Wednesday, January 16, 2013

When the Work is Too Hard (But Shouldn't Be)

I have noticed a pattern in my class. The behavior of many of my students changes with the difficulty of the assignment. If the assignment is too easy they think it isn't important and mess around. If the assignment if too difficult they don't want to even try and mess around. It is only when an assignment is perfectly matched to their abilities that they will get into that great work mode that every teacher strives for in her classroom.

While I realize this fact and do my best to work with it to help my students have productive time in my classroom, it also drives me crazy!

Today we were working on creating graphs from a data table. We have been practicing this all week, but this was the first large set of data they were using (20 points). It wasn't supposed to be a difficult assignment because (1) we have been practicing all week and (2) they are in 7th grade, they should know how to plot points from a graph.

Well, it was really hard for a lot of them and they were desperately trying to give up, but I wouldn't let them. I was a lot more stern that I usually have to be and I actually made one boy cry (I took the scraps of paper he was playing with), but eventually they started working on their own.

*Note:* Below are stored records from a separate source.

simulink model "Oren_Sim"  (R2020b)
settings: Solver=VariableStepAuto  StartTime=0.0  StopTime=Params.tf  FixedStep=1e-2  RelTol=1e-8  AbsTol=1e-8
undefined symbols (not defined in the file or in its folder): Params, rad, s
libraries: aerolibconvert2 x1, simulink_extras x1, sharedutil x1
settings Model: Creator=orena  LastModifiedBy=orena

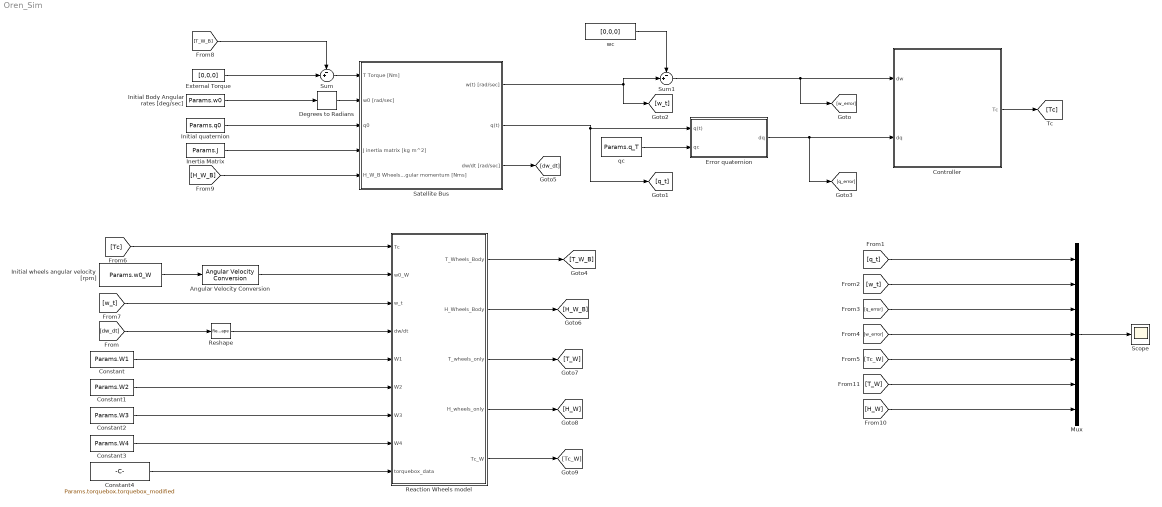
== system Oren_Sim ==
  Angular Velocity Conversion : aerolibconvert2/Angular Velocity Conversion  IU=rpm  OU=rad/s
  Constant : Constant  Value=Params.W1
  Constant1 : Constant  Value=Params.W2
  Constant2 : Constant  Value=Params.W3
  Constant3 : Constant  Value=Params.W4
  Constant4 : Constant  Value=Params.torquebox.torquebox_modified
  Controller : Subsystem
  Degrees to Radians : simulink_extras/Transformations/Degrees to Radians
  Error quaternion : Subsystem
  External Torque : Constant  Value=[0,0,0]
  Inertia Matrix : Constant  Value=Params.J
  Initial Body Angular rates [deg/sec] : Constant  Value=Params.w0
  Initial quaternion : Constant  Value=Params.q0
  Initial wheels angular velocity [rpm] : Constant  Value=Params.w0_W
  Mux : Mux  Inputs=7
  Reaction Wheels model : Subsystem
  Reshape : Reshape  OutputDimensionality=Column vector (2-D)
  Satellite Bus : Subsystem
  Scope : Scope
  Sum : Sum  Inputs=-+|
  Sum1 : Sum  Inputs=-+|
  qc : Constant  Value=Params.q_T
  wc : Constant  Value=[0,0,0]
  wires:
  Initial Body Angular rates [deg/sec]/1 -> Degrees to Radians/1
  External Torque/1 -> Sum/2
  Controller/1(Tc) -> [Tc]
  [T_W_B] -> Sum/1
  wc/1 -> Sum1/1
  Sum/1 -> Satellite Bus/1(T Torque [Nm])
  Degrees to Radians/1 -> Satellite Bus/2(w0 [rad/sec])
  Initial quaternion/1 -> Satellite Bus/3(q0)
  Inertia Matrix/1 -> Satellite Bus/4(J inertia matrix [kg m^2])
  qc/1 -> Error quaternion/2(qc)
  Satellite Bus/2(q(t)) -> [q_t], Error quaternion/1(q(t))
  Error quaternion/1(dq) -> [q_error], Controller/2(dq)
  Satellite Bus/1(w(t) [rad/sec]) -> Sum1/2, [w_t]
  Sum1/1 -> [w_error], Controller/1(dw)
  Mux/1 -> Scope/1
  [q_t] -> Mux/1
  [w_t] -> Mux/2
  [q_error] -> Mux/3
  [w_error] -> Mux/4
  [Tc_W] -> Mux/5
  Initial wheels angular velocity [rpm]/1 -> Angular Velocity Conversion/1
  Angular Velocity Conversion/1 -> Reaction Wheels model/2(w0_W)
  [Tc] -> Reaction Wheels model/1(Tc)
  [w_t] -> Reaction Wheels model/3(w_t)
  Reaction Wheels model/1(T_Wheels_Body) -> [T_W_B]
  Satellite Bus/3(dw/dt [rad/sec]) -> [dw_dt]
  [dw_dt] -> Reshape/1
  Constant/1 -> Reaction Wheels model/5(W1)
  Constant1/1 -> Reaction Wheels model/6(W2)
  Constant2/1 -> Reaction Wheels model/7(W3)
  Constant3/1 -> Reaction Wheels model/8(W4)
  Reaction Wheels model/2(H_Wheels_Body) -> [H_W_B]
  Reaction Wheels model/3(T_wheels_only) -> [T_W]
  Reaction Wheels model/4(H_wheels_only) -> [H_W]
  [H_W_B] -> Satellite Bus/5(H_W_B Wheels angular momentum [Nms])
  [H_W] -> Mux/7
  [T_W] -> Mux/6
  Constant4/1 -> Reaction Wheels model/9(torquebox_data)
  Reshape/1 -> Reaction Wheels model/4(dw/dt)
  Reaction Wheels model/5(Tc_W) -> [Tc_W]

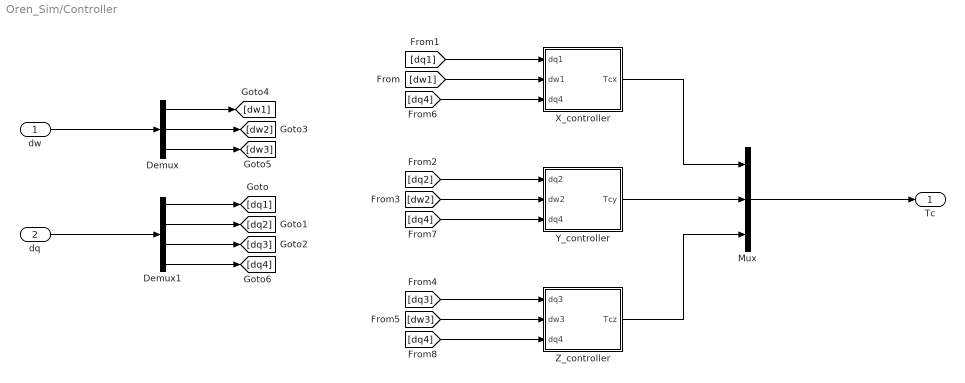
== system Oren_Sim/Controller ==
  dw : Inport
  dq : Inport  Port=2
  Demux : Demux  Outputs=3
  Demux1 : Demux
  Mux : Mux  Inputs=3
  X_controller : Subsystem
  Y_controller : Subsystem
  Z_controller : Subsystem
  Tc : Outport
  wires:
  Demux/1 -> [dw1]
  [dw2] -> Y_controller/2(dw2)
  [dq1] -> X_controller/1(dq1)
  [dq3] -> Z_controller/1(dq3)
  Demux/2 -> [dw2]
  Demux/3 -> [dw3]
  [dw3] -> Z_controller/2(dw3)
  Demux1/3 -> [dq3]
  Demux1/1 -> [dq1]
  Demux1/2 -> [dq2]
  [dq2] -> Y_controller/1(dq2)
  dw/1 -> Demux/1
  [dw1] -> X_controller/2(dw1)
  Y_controller/1(Tcy) -> Mux/2
  X_controller/1(Tcx) -> Mux/1
  Z_controller/1(Tcz) -> Mux/3
  dq/1 -> Demux1/1
  Demux1/4 -> [dq4]
  [dq4] -> X_controller/3(dq4)
  [dq4] -> Y_controller/3(dq4)
  [dq4] -> Z_controller/3(dq4)
  Mux/1 -> Tc/1

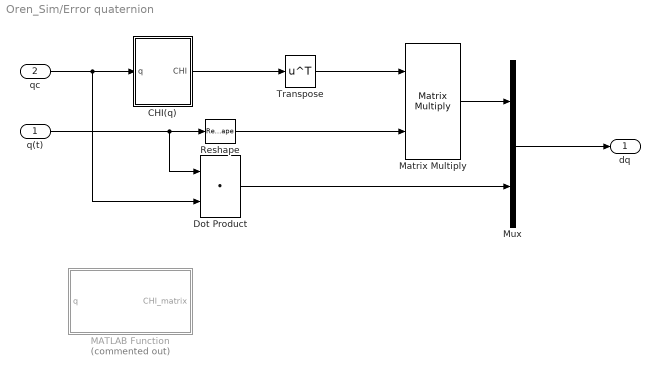
== system Oren_Sim/Error quaternion ==
  q(t) : Inport
  qc : Inport  Port=2
  CHI(q) : Subsystem
  Dot Product : DotProduct  InputSameDT=on  OutDataTypeStr=Inherit: Inherit via internal rule
  MATLAB Function : MATLAB Function  Commented=on  TreatAsAtomicUnit=on
  Matrix Multiply : Product  Multiplication=Matrix(*)
  Mux : Mux  Inputs=2
  Reshape : Reshape  OutputDimensionality=Column vector (2-D)
  Transpose : Math  Operator=transpose  SaturateOnIntegerOverflow=on
  dq : Outport
  wires:
  q(t)/1 -> Dot Product/1, Reshape/1
  Reshape/1 -> Matrix Multiply/2
  CHI(q)/1(CHI) -> Transpose/1
  qc/1 -> Dot Product/2, CHI(q)/1(q)
  Transpose/1 -> Matrix Multiply/1
  Matrix Multiply/1 -> Mux/1
  Mux/1 -> dq/1
  Dot Product/1 -> Mux/2

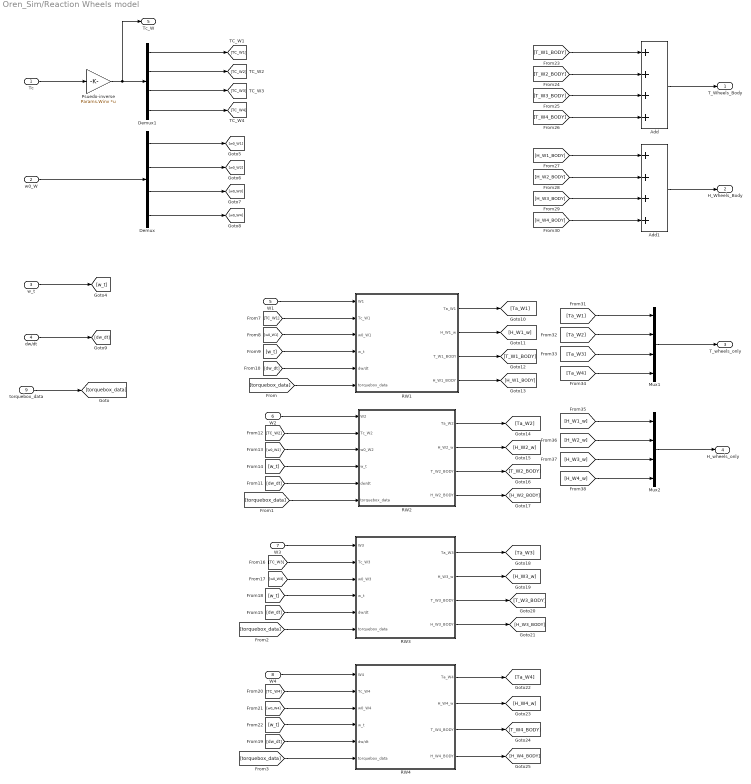
== system Oren_Sim/Reaction Wheels model ==
  Tc : Inport
  w0_W : Inport  Port=2
  w_t : Inport  Port=3
  dw/dt : Inport  Port=4
  W1 : Inport  Port=5
  W2 : Inport  Port=6
  W3 : Inport  Port=7
  W4 : Inport  Port=8
  torquebox_data : Inport  Port=9
  Add : Sum  Inputs=++++
  Add1 : Sum  Inputs=++++
  Demux : Demux
  Demux1 : Demux
  Mux1 : Mux
  Mux2 : Mux
  Psuedo-inverse : Gain  Gain=Params.Winv  Multiplication=Matrix(K*u) (u vector)
  RW1 : Subsystem
  RW2 : Subsystem
  RW3 : Subsystem
  RW4 : Subsystem
  T_Wheels_Body : Outport
  H_Wheels_Body : Outport  Port=2
  T_wheels_only : Outport  Port=3
  H_wheels_only : Outport  Port=4
  Tc_W : Outport  Port=5
  wires:
  RW2/3(T_W2_BODY) -> [T_W2_BODY]
  [H_W1_BODY] -> Add1/1
  W2/1 -> RW2/1(W2)
  Add1/1 -> H_Wheels_Body/1
  [TC_W1] -> RW1/2(Tc_W1)
  Demux/3 -> [w0_W3]
  Mux2/1 -> H_wheels_only/1
  dw/dt/1 -> [dw_dt]
  Tc/1 -> Psuedo-inverse/1
  RW2/2(H_W2_w) -> [H_W2_w]
  W3/1 -> RW3/1(W3)
  w0_W/1 -> Demux/1
  [H_W2_BODY] -> Add1/2
  Psuedo-inverse/1 -> Tc_W/1, Demux1/1
  W1/1 -> RW1/1(W1)
  [w_t] -> RW1/4(w_t)
  [w_t] -> RW4/4(w_t)
  [TC_W2] -> RW2/2(Tc_W2)
  Demux1/4 -> [TC_W4]
  RW3/3(T_W3_BODY) -> [T_W3_BODY]
  RW1/4(H_W1_BODY) -> [H_W1_BODY]
  [T_W2_BODY] -> Add/2
  RW2/4(H_W2_BODY) -> [H_W2_BODY]
  [Ta_W2] -> Mux1/2
  [dw_dt] -> RW3/5(dw/dt)
  [w_t] -> RW2/4(w_t)
  [H_W4_BODY] -> Add1/4
  RW4/3(T_W4_BODY) -> [T_W4_BODY]
  [H_W4_w] -> Mux2/4
  RW3/2(H_W3_w) -> [H_W3_w]
  RW1/3(T_W1_BODY) -> [T_W1_BODY]
  RW4/4(H_W4_BODY) -> [H_W4_BODY]
  [dw_dt] -> RW1/5(dw/dt)
  RW3/4(H_W3_BODY) -> [H_W3_BODY]
  [Ta_W4] -> Mux1/4
  RW2/1(Ta_W2) -> [Ta_W2]
  Demux1/1 -> [TC_W1]
  [Ta_W1] -> Mux1/1
  w_t/1 -> [w_t]
  Mux1/1 -> T_wheels_only/1
  RW4/2(H_W4_w) -> [H_W4_w]
  [T_W4_BODY] -> Add/4
  Demux/4 -> [w0_W4]
  [w0_W2] -> RW2/3(w0_W2)
  [dw_dt] -> RW4/5(dw/dt)
  [TC_W3] -> RW3/2(Tc_W3)
  Demux1/3 -> [TC_W3]
  [dw_dt] -> RW2/5(dw/dt)
  W4/1 -> RW4/1(W4)
  [H_W3_w] -> Mux2/3
  RW1/2(H_W1_w) -> [H_W1_w]
  [w_t] -> RW3/4(w_t)
  [TC_W4] -> RW4/2(Tc_W4)
  [w0_W1] -> RW1/3(w0_W1)
  RW1/1(Ta_W1) -> [Ta_W1]
  Demux/1 -> [w0_W1]
  RW3/1(Ta_W3) -> [Ta_W3]
  Demux1/2 -> [TC_W2]
  Demux/2 -> [w0_W2]
  [T_W3_BODY] -> Add/3
  [H_W1_w] -> Mux2/1
  Add/1 -> T_Wheels_Body/1
  [w0_W3] -> RW3/3(w0_W3)
  [w0_W4] -> RW4/3(w0_W4)
  RW4/1(Ta_W4) -> [Ta_W4]
  [H_W2_w] -> Mux2/2
  [H_W3_BODY] -> Add1/3
  [T_W1_BODY] -> Add/1
  [Ta_W3] -> Mux1/3
  torquebox_data/1 -> [torquebox_data]
  [torquebox_data] -> RW1/6(torquebox_data)
  [torquebox_data] -> RW2/6(torquebox_data)
  [torquebox_data] -> RW3/6(torquebox_data)
  [torquebox_data] -> RW4/6(torquebox_data)

== system Oren_Sim/Satellite Bus ==
  T Torque [Nm] : Inport
  w0 [rad/sec] : Inport  Port=2
  q0 : Inport  Port=3
  J inertia matrix [kg m^2] : Inport  Port=4
  H_W_B Wheels angular momentum [Nms] : Inport  Port=5
  Satellite Dynamics : Subsystem
  Satellite Kinematics : Subsystem
  w(t) [rad/sec] : Outport
  q(t) : Outport  Port=2
  dw/dt [rad/sec] : Outport  Port=3
  wires:
  q0/1 -> Satellite Kinematics/2(q0)
  Satellite Kinematics/1(q(t)) -> q(t)/1
  J inertia matrix [kg m^2]/1 -> Satellite Dynamics/3(J inertia matrix [kg m^2])
  w0 [rad/sec]/1 -> Satellite Dynamics/2(w0 [rad/sec])
  Satellite Dynamics/1(w(t) [rad/sec]) -> Satellite Kinematics/1(w(t) [rad/sec]), w(t) [rad/sec]/1
  T Torque [Nm]/1 -> Satellite Dynamics/1(T Torque [Nm])
  Satellite Dynamics/2(dw/dt [rad/sec^2]) -> dw/dt [rad/sec]/1
  H_W_B Wheels angular momentum [Nms]/1 -> Satellite Dynamics/4(H_W_B Wheels angular momentum [Nms])

== system Oren_Sim/Controller/X_controller ==
  dq1 : Inport
  dw1 : Inport  Port=2
  dq4 : Inport  Port=3
  Gain : Gain  Gain=Params.gains.kdx
  Gain1 : Gain  Gain=Params.gains.kpx
  Product : Product
  Sign : Signum
  Sum2 : Sum  Inputs=+|+
  Tcx : Outport
  wires:
  Sum2/1 -> Tcx/1
  dq1/1 -> Gain1/1
  dw1/1 -> Gain/1
  Gain/1 -> Sum2/2
  dq4/1 -> Sign/1
  Sign/1 -> Product/1
  Gain1/1 -> Product/2
  Product/1 -> Sum2/1

== system Oren_Sim/Controller/Y_controller ==
  dq2 : Inport
  dw2 : Inport  Port=2
  dq4 : Inport  Port=3
  Gain2 : Gain  Gain=Params.gains.kpy
  Gain3 : Gain  Gain=Params.gains.kdy
  Product : Product
  Sign : Signum
  Sum3 : Sum  Inputs=+|+
  Tcy : Outport
  wires:
  dq2/1 -> Gain2/1
  Gain3/1 -> Sum3/2
  Sum3/1 -> Tcy/1
  dw2/1 -> Gain3/1
  dq4/1 -> Sign/1
  Sign/1 -> Product/1
  Gain2/1 -> Product/2
  Product/1 -> Sum3/1

== system Oren_Sim/Controller/Z_controller ==
  dq3 : Inport
  dw3 : Inport  Port=2
  dq4 : Inport  Port=3
  Gain4 : Gain  Gain=Params.gains.kpz
  Gain5 : Gain  Gain=Params.gains.kdz
  Product : Product
  Sign : Signum
  Sum4 : Sum  Inputs=+|+
  Tcz : Outport
  wires:
  Sum4/1 -> Tcz/1
  dw3/1 -> Gain5/1
  Gain5/1 -> Sum4/2
  dq3/1 -> Gain4/1
  dq4/1 -> Sign/1
  Sign/1 -> Product/1
  Gain4/1 -> Product/2
  Product/1 -> Sum4/1

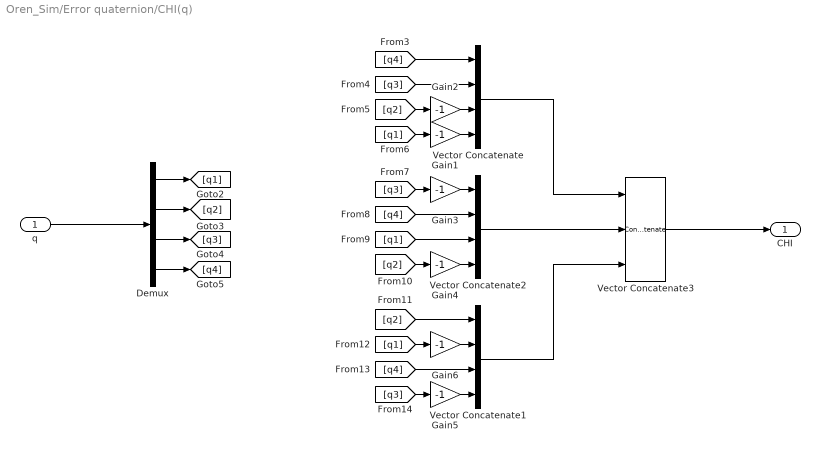
== system Oren_Sim/Error quaternion/CHI(q) ==
  q : Inport
  Demux : Demux
  Gain{1..6} (6 alike) : Gain  Gain=-1
  Vector Concatenate : Concatenate  NumInputs=4
  Vector Concatenate1 : Concatenate  NumInputs=4
  Vector Concatenate2 : Concatenate  NumInputs=4
  Vector Concatenate3 : Concatenate  NumInputs=3  Mode=Multidimensional array  ConcatenateDimension=2
  CHI : Outport
  wires:
  [q1] -> Vector Concatenate2/3
  [q3] -> Gain5/1
  Vector Concatenate3/1 -> CHI/1
  Vector Concatenate/1 -> Vector Concatenate3/1
  Vector Concatenate2/1 -> Vector Concatenate3/2
  q/1 -> Demux/1
  [q3] -> Gain3/1
  Gain3/1 -> Vector Concatenate2/1
  [q3] -> Vector Concatenate/2
  [q4] -> Vector Concatenate1/3
  [q1] -> Gain1/1
  Demux/2 -> [q2]
  Gain1/1 -> Vector Concatenate/4
  Demux/3 -> [q3]
  [q4] -> Vector Concatenate/1
  [q4] -> Vector Concatenate2/2
  Gain4/1 -> Vector Concatenate2/4
  [q2] -> Vector Concatenate1/1
  Demux/1 -> [q1]
  [q1] -> Gain6/1
  Gain6/1 -> Vector Concatenate1/2
  [q2] -> Gain2/1
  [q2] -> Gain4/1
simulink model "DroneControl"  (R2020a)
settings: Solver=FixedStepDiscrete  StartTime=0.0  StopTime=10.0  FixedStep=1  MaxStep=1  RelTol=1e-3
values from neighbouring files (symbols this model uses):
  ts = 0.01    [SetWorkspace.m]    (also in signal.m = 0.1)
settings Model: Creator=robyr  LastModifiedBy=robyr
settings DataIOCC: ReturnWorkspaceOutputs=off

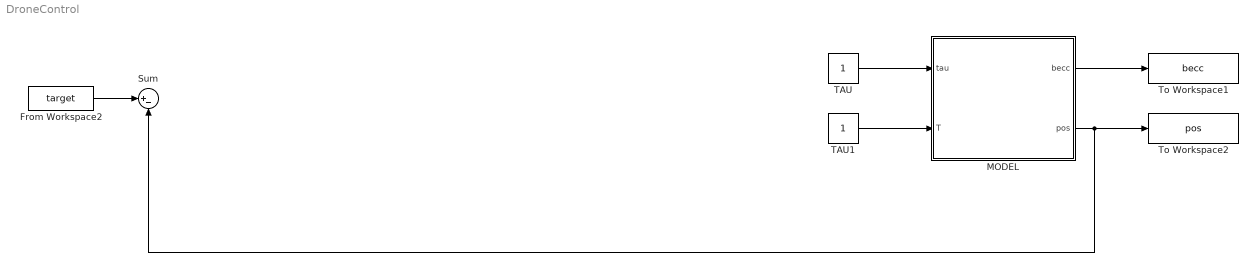
== system DroneControl ==
  From Workspace2 : FromWorkspace  VariableName=target  SampleTime=ts
  MODEL : Subsystem
  Sum : Sum  Inputs=|+-
  TAU : Constant
  TAU1 : Constant
  To Workspace1 : ToWorkspace  VariableName=becc  SampleTime=ts
  To Workspace2 : ToWorkspace  VariableName=pos  SampleTime=ts
  wires:
  From Workspace2/1 -> Sum/1
  MODEL/2(pos) -> To Workspace2/1, Sum/2
  TAU/1 -> MODEL/1(tau)
  TAU1/1 -> MODEL/2(T)
  MODEL/1(becc) -> To Workspace1/1

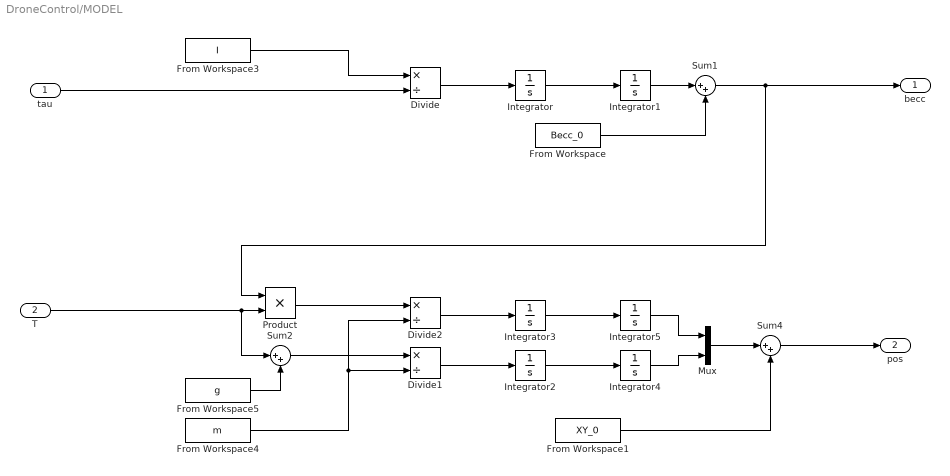
== system DroneControl/MODEL ==
  tau : Inport
  T : Inport  Port=2
  Divide : Product  Inputs=*/
  Divide1 : Product  Inputs=*/
  Divide2 : Product  Inputs=*/
  From Workspace : FromWorkspace  VariableName=Becc_0  SampleTime=ts
  From Workspace1 : FromWorkspace  VariableName=XY_0  SampleTime=ts
  From Workspace3 : FromWorkspace  VariableName=I  SampleTime=ts
  From Workspace4 : FromWorkspace  VariableName=m  SampleTime=ts
  From Workspace5 : FromWorkspace  VariableName=g  SampleTime=ts
  Integrator{,1..5} (6 alike) : Integrator
  Mux : Mux  Inputs=2
  Product : Product
  Sum1 : Sum  Inputs=|++
  Sum2 : Sum  Inputs=|++
  Sum4 : Sum  Inputs=|++
  becc : Outport
  pos : Outport  Port=2
  wires:
  Sum1/1 -> becc/1, Product/1
  Integrator2/1 -> Integrator4/1
  T/1 -> Sum2/1, Product/2
  Integrator/1 -> Integrator1/1
  From Workspace1/1 -> Sum4/2
  Mux/1 -> Sum4/1
  Integrator3/1 -> Integrator5/1
  Integrator5/1 -> Mux/1
  Integrator1/1 -> Sum1/1
  From Workspace3/1 -> Divide/1
  Integrator4/1 -> Mux/2
  Divide1/1 -> Integrator2/1
  From Workspace4/1 -> Divide2/2, Divide1/2
  tau/1 -> Divide/2
  Divide2/1 -> Integrator3/1
  Sum2/1 -> Divide1/1
  Product/1 -> Divide2/1
  From Workspace/1 -> Sum1/2
  From Workspace5/1 -> Sum2/2
  Divide/1 -> Integrator/1
  Sum4/1 -> pos/1

While I was proud of them sticking to it, I was frustrated that all of their motivation has to come from me - this is exhausting for me and I won't always be there to help them so I want them to learn to do it on their own.

A big theme of our school year is "struggle" so this issue weighs heavily on my mind every day in class as I scold, encourage, and beg my students to try. Good thing I get to go home to three adorable kiddos to help me refresh my batteries every day! As I told my teaching partners, I don't know any four year old who isn't intrinsically motivated to try new things :).


  1. Yes, I struggle with the same thing with my 3rd graders. One of my biggest solutions, which is easier for me since I have younger kids, is using lots of the fun TPT products I find so they are almost constantly doing something engaging. For example, they are very motivated to do a writing assignment when there is a craftivity to go along with it. I never knew about craftivities until I joined TPT! In Math, they like to quickly give up on word problems, but they are slowly getting better at that as I force them to use all of the "thinking time" I give them before we go over a problem. I think this problem of not trying it very typical for all teachers!

    Ladybugs Lounge

  2. It is so sad that even third graders are giving up so easily! I am glad that you are having so much success with TpT products (that is good for all of us :)). Studying the problem at our school we have looked at the hypothesis that it is a cultural problem. Americans praise the end result so kids think that they are either smart or dumb; and what is the point of trying if you are dumb... In many of the Asian cultures they do a really good job of praising the effort and struggle. As a result, their kids try until they "get it".